Our medical policies are designed for informational purposes only and are not an authorization, or an explanation of benefits, or a contract.  Receipt of benefits is subject to satisfaction of all terms and conditions of the coverage.  Medical technology is constantly changing, and we reserve the right to review and update our policies periodically.

 


 

Description

Intracavitary balloon catheter brain brachytherapy is an approach to localized radiation therapy delivered with an inflatable balloon catheter in the treatment of malignant brain lesions.

Background

Intracavitary Balloon Catheter Brain Brachytherapy

Intracavitary balloon catheter brain brachytherapy is localized radiation therapy in the brain that requires placement of an inflatable balloon catheter in the surgical cavity, before closing the craniotomy of a resection, to remove or debulk a malignant brain mass. A radiation source is then placed in the balloon to expose surrounding brain tissue to radiation, either continuously or in a series of brief treatments. After the patient completes therapy, the radiation source is permanently removed and the balloon catheter is surgically explanted.

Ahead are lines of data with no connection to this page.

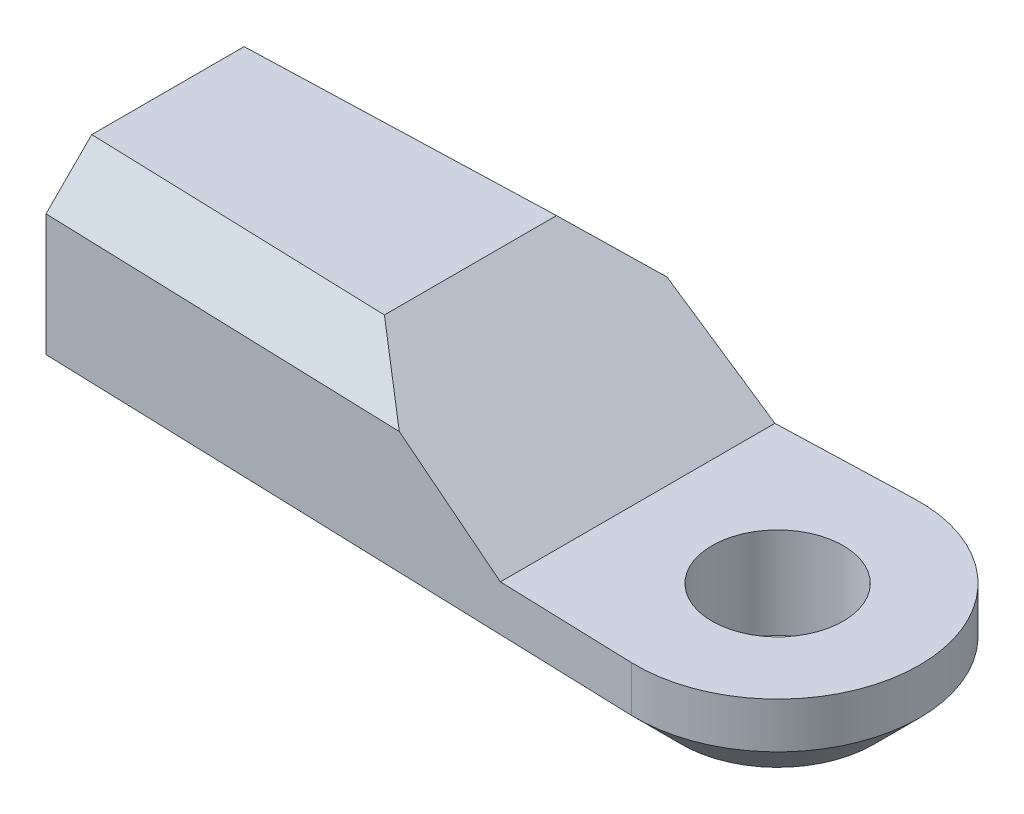
ISO-10303-21;
HEADER;
FILE_DESCRIPTION(('STEP AP214'),'2;1');
FILE_NAME('part.step','',(''),(''),'','','');
FILE_SCHEMA(('AUTOMOTIVE_DESIGN { 1 0 10303 214 1 1 1 1 }'));
ENDSEC;
DATA;
#1=APPLICATION_CONTEXT('core data for automotive mechanical design processes');
#2=APPLICATION_PROTOCOL_DEFINITION('international standard','automotive_design',2000,#1);
#3=PRODUCT_CONTEXT('',#1,'mechanical');
#4=PRODUCT('Part','Part','',(#3));
#5=PRODUCT_RELATED_PRODUCT_CATEGORY('part','',(#4));
#6=PRODUCT_DEFINITION_FORMATION('','',#4);
#7=PRODUCT_DEFINITION_CONTEXT('part definition',#1,'design');
#8=PRODUCT_DEFINITION('design','',#6,#7);
#9=PRODUCT_DEFINITION_SHAPE('','',#8);
#10=(LENGTH_UNIT() NAMED_UNIT(*) SI_UNIT(.MILLI.,.METRE.));
#11=(NAMED_UNIT(*) PLANE_ANGLE_UNIT() SI_UNIT($,.RADIAN.));
#12=(NAMED_UNIT(*) SI_UNIT($,.STERADIAN.) SOLID_ANGLE_UNIT());
#13=UNCERTAINTY_MEASURE_WITH_UNIT(LENGTH_MEASURE(1.E-05),#10,'distance_accuracy_value','');
#14=(GEOMETRIC_REPRESENTATION_CONTEXT(3) GLOBAL_UNCERTAINTY_ASSIGNED_CONTEXT((#13)) GLOBAL_UNIT_ASSIGNED_CONTEXT((#10,
#11,#12)) REPRESENTATION_CONTEXT('',''));
#15=CARTESIAN_POINT('',(0.,0.,0.));
#16=DIRECTION('',(0.,0.,1.));
#17=DIRECTION('',(1.,0.,0.));
#18=AXIS2_PLACEMENT_3D('',#15,#16,#17);
#19=CARTESIAN_POINT('',(-0.130356031743456,7.,3.99574730489311));
#20=DIRECTION('',(0.032606345651166,0.,-0.999468271744169));
#21=DIRECTION('',(-0.999468271744169,0.,-0.032606345651166));
#22=AXIS2_PLACEMENT_3D('',#19,#20,#21);
#23=PLANE('',#22);
#24=DIRECTION('',(0.,-1.,0.));
#25=VECTOR('',#24,1.);
#26=CARTESIAN_POINT('',(0.,7.,4.));
#27=LINE('',#26,#25);
#28=CARTESIAN_POINT('',(0.,5.5,4.));
#29=VERTEX_POINT('',#28);
#30=CARTESIAN_POINT('',(0.,1.5,4.));
#31=VERTEX_POINT('',#30);
#32=EDGE_CURVE('E154',#29,#31,#27,.T.);
#33=ORIENTED_EDGE('',*,*,#32,.T.);
#34=DIRECTION('',(0.999468271744169,0.,0.032606345651166));
#35=VECTOR('',#34,1.);
#36=CARTESIAN_POINT('',(-0.130356031743456,1.5,3.99574730489311));
#37=LINE('',#36,#35);
#38=CARTESIAN_POINT('',(19.8483804927221,1.5,4.64752746361039));
#39=VERTEX_POINT('',#38);
#40=EDGE_CURVE('E174',#31,#39,#37,.T.);
#41=ORIENTED_EDGE('',*,*,#40,.T.);
#42=DIRECTION('',(0.,-1.,0.));
#43=VECTOR('',#42,1.);
#44=CARTESIAN_POINT('',(19.8483804927221,7.,4.64752746361039));
#45=LINE('',#44,#43);
#46=CARTESIAN_POINT('',(19.8483804927221,3.,4.64752746361038));
#47=VERTEX_POINT('',#46);
#48=EDGE_CURVE('E138',#47,#39,#45,.T.);
#49=ORIENTED_EDGE('',*,*,#48,.F.);
#50=DIRECTION('',(0.999468271744169,0.,0.032606345651166));
#51=VECTOR('',#50,1.);
#52=CARTESIAN_POINT('',(-0.130356031743456,3.,3.99574730489311));
#53=LINE('',#52,#51);
#54=CARTESIAN_POINT('',(15.4080428224368,3.,4.50266725245775));
#55=VERTEX_POINT('',#54);
#56=EDGE_CURVE('E129',#55,#47,#53,.T.);
#57=ORIENTED_EDGE('',*,*,#56,.F.);
#58=DIRECTION('',(0.807631830837505,-0.589098134666087,0.0263479325754048));
#59=VECTOR('',#58,1.);
#60=CARTESIAN_POINT('',(3.35893964649233,11.7887870862983,4.10958101445662));
#61=LINE('',#60,#59);
#62=CARTESIAN_POINT('',(11.9806349623894,5.49999999999999,4.3908525520499));
#63=VERTEX_POINT('',#62);
#64=EDGE_CURVE('E117',#63,#55,#61,.T.);
#65=ORIENTED_EDGE('',*,*,#64,.F.);
#66=DIRECTION('',(-0.999468271744169,0.,-0.032606345651166));
#67=VECTOR('',#66,1.);
#68=CARTESIAN_POINT('',(0.,5.5,4.));
#69=LINE('',#68,#67);
#70=EDGE_CURVE('E170',#63,#29,#69,.T.);
#71=ORIENTED_EDGE('',*,*,#70,.T.);
#72=EDGE_LOOP('',(#33,#41,#49,#57,#65,#71));
#73=FACE_BOUND('',#72,.T.);
#74=ADVANCED_FACE('F37',(#73),#23,.F.);
#75=CARTESIAN_POINT('',(20.,7.,0.));
#76=DIRECTION('',(0.,-1.,0.));
#77=DIRECTION('',(0.,0.,-1.));
#78=AXIS2_PLACEMENT_3D('',#75,#76,#77);
#79=CYLINDRICAL_SURFACE('',#78,4.65);
#80=ORIENTED_EDGE('',*,*,#48,.T.);
#81=CARTESIAN_POINT('',(20.,1.5,0.));
#82=DIRECTION('',(0.,1.,0.));
#83=DIRECTION('',(0.,0.,1.));
#84=AXIS2_PLACEMENT_3D('',#81,#82,#83);
#85=CIRCLE('',#84,4.65);
#86=CARTESIAN_POINT('',(19.8483804927221,1.5,-4.64752746361039));
#87=VERTEX_POINT('',#86);
#88=EDGE_CURVE('E190',#39,#87,#85,.T.);
#89=ORIENTED_EDGE('',*,*,#88,.T.);
#90=DIRECTION('',(0.,-1.,0.));
#91=VECTOR('',#90,1.);
#92=CARTESIAN_POINT('',(19.8483804927221,7.,-4.64752746361039));
#93=LINE('',#92,#91);
#94=CARTESIAN_POINT('',(19.8483804927221,3.,-4.64752746361039));
#95=VERTEX_POINT('',#94);
#96=EDGE_CURVE('E164',#95,#87,#93,.T.);
#97=ORIENTED_EDGE('',*,*,#96,.F.);
#98=CARTESIAN_POINT('',(20.,3.,0.));
#99=DIRECTION('',(0.,1.,0.));
#100=DIRECTION('',(0.,0.,1.));
#101=AXIS2_PLACEMENT_3D('',#98,#99,#100);
#102=CIRCLE('',#101,4.65);
#103=EDGE_CURVE('E140',#47,#95,#102,.T.);
#104=ORIENTED_EDGE('',*,*,#103,.F.);
#105=EDGE_LOOP('',(#80,#89,#97,#104));
#106=FACE_BOUND('',#105,.T.);
#107=ADVANCED_FACE('F230',(#106),#79,.T.);
#108=CARTESIAN_POINT('',(-0.130356031743456,7.,-3.99574730489311));
#109=DIRECTION('',(-0.032606345651166,0.,-0.999468271744169));
#110=DIRECTION('',(-0.999468271744169,0.,0.032606345651166));
#111=AXIS2_PLACEMENT_3D('',#108,#109,#110);
#112=PLANE('',#111);
#113=ORIENTED_EDGE('',*,*,#96,.T.);
#114=DIRECTION('',(-0.999468271744169,0.,0.032606345651166));
#115=VECTOR('',#114,1.);
#116=CARTESIAN_POINT('',(0.,1.50000000000001,-4.));
#117=LINE('',#116,#115);
#118=CARTESIAN_POINT('',(0.,1.5,-4.));
#119=VERTEX_POINT('',#118);
#120=EDGE_CURVE('E195',#87,#119,#117,.T.);
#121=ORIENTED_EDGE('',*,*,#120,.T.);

At present, the GliaSite® Radiation Therapy System (GliaSite® RTS; IsoRay Medical, Inc,) is the only device marketed in the U.S. for intracavitary balloon catheter brachytherapy in the brain. It includes a catheter tray with a double balloon catheter and accessories used for implantation of an aqueous saline solution of molecularly bound radioactive iodine (sodium 3 [I-125] iodo-4-hydroxybenzenesulfonate; Iotrex™) as the radiation source; and an access tray with items used for afterloading and retrieving the radioactive material. One to 3 weeks after resection and balloon implantation, the Iotrex™ solution is loaded through a subcutaneous port and left in for 3 to 6 days. Prescribed radiation doses are usually 40–60 Gy measured at 0.5–1.0 cm from the balloon surface. This procedure has been performed on an inpatient basis; however, feasibility of outpatient GliaSite® RTS implantation has been explored. (1) The GliaSite® RTS received 510(k) marketing clearance from the U.S. Food and Drug Administration (FDA) in 2001, as substantially equivalent to separately marketed ventricular reservoirs and catheters, manual radionuclide applicator systems, and radionuclide sources. In 2011, the modified GliaSite® RTS received 510(k) marketing clearance.

Malignant Gliomas

Diffuse fibrillary astrocytoma is the most common glial brain tumor in adults. It is classified histologically into 3 grades: grade II astrocytoma, grade III anaplastic astrocytoma, and grade IV glioblastoma multiforme (GBM). Oligodendrogliomas (ODGs) are diffuse neoplasms closely related to diffuse fibrillary astrocytomas clinically and biologically. However, these tumors generally have better prognoses than diffuse astrocytomas, with mean survival times of 10 years versus 2 to 3 years. Also, ODGs apparently are more chemosensitive than astrocytomas. GBM, the most aggressive and chemoresistant astrocytoma, has survival times of less than 2 years for most patients.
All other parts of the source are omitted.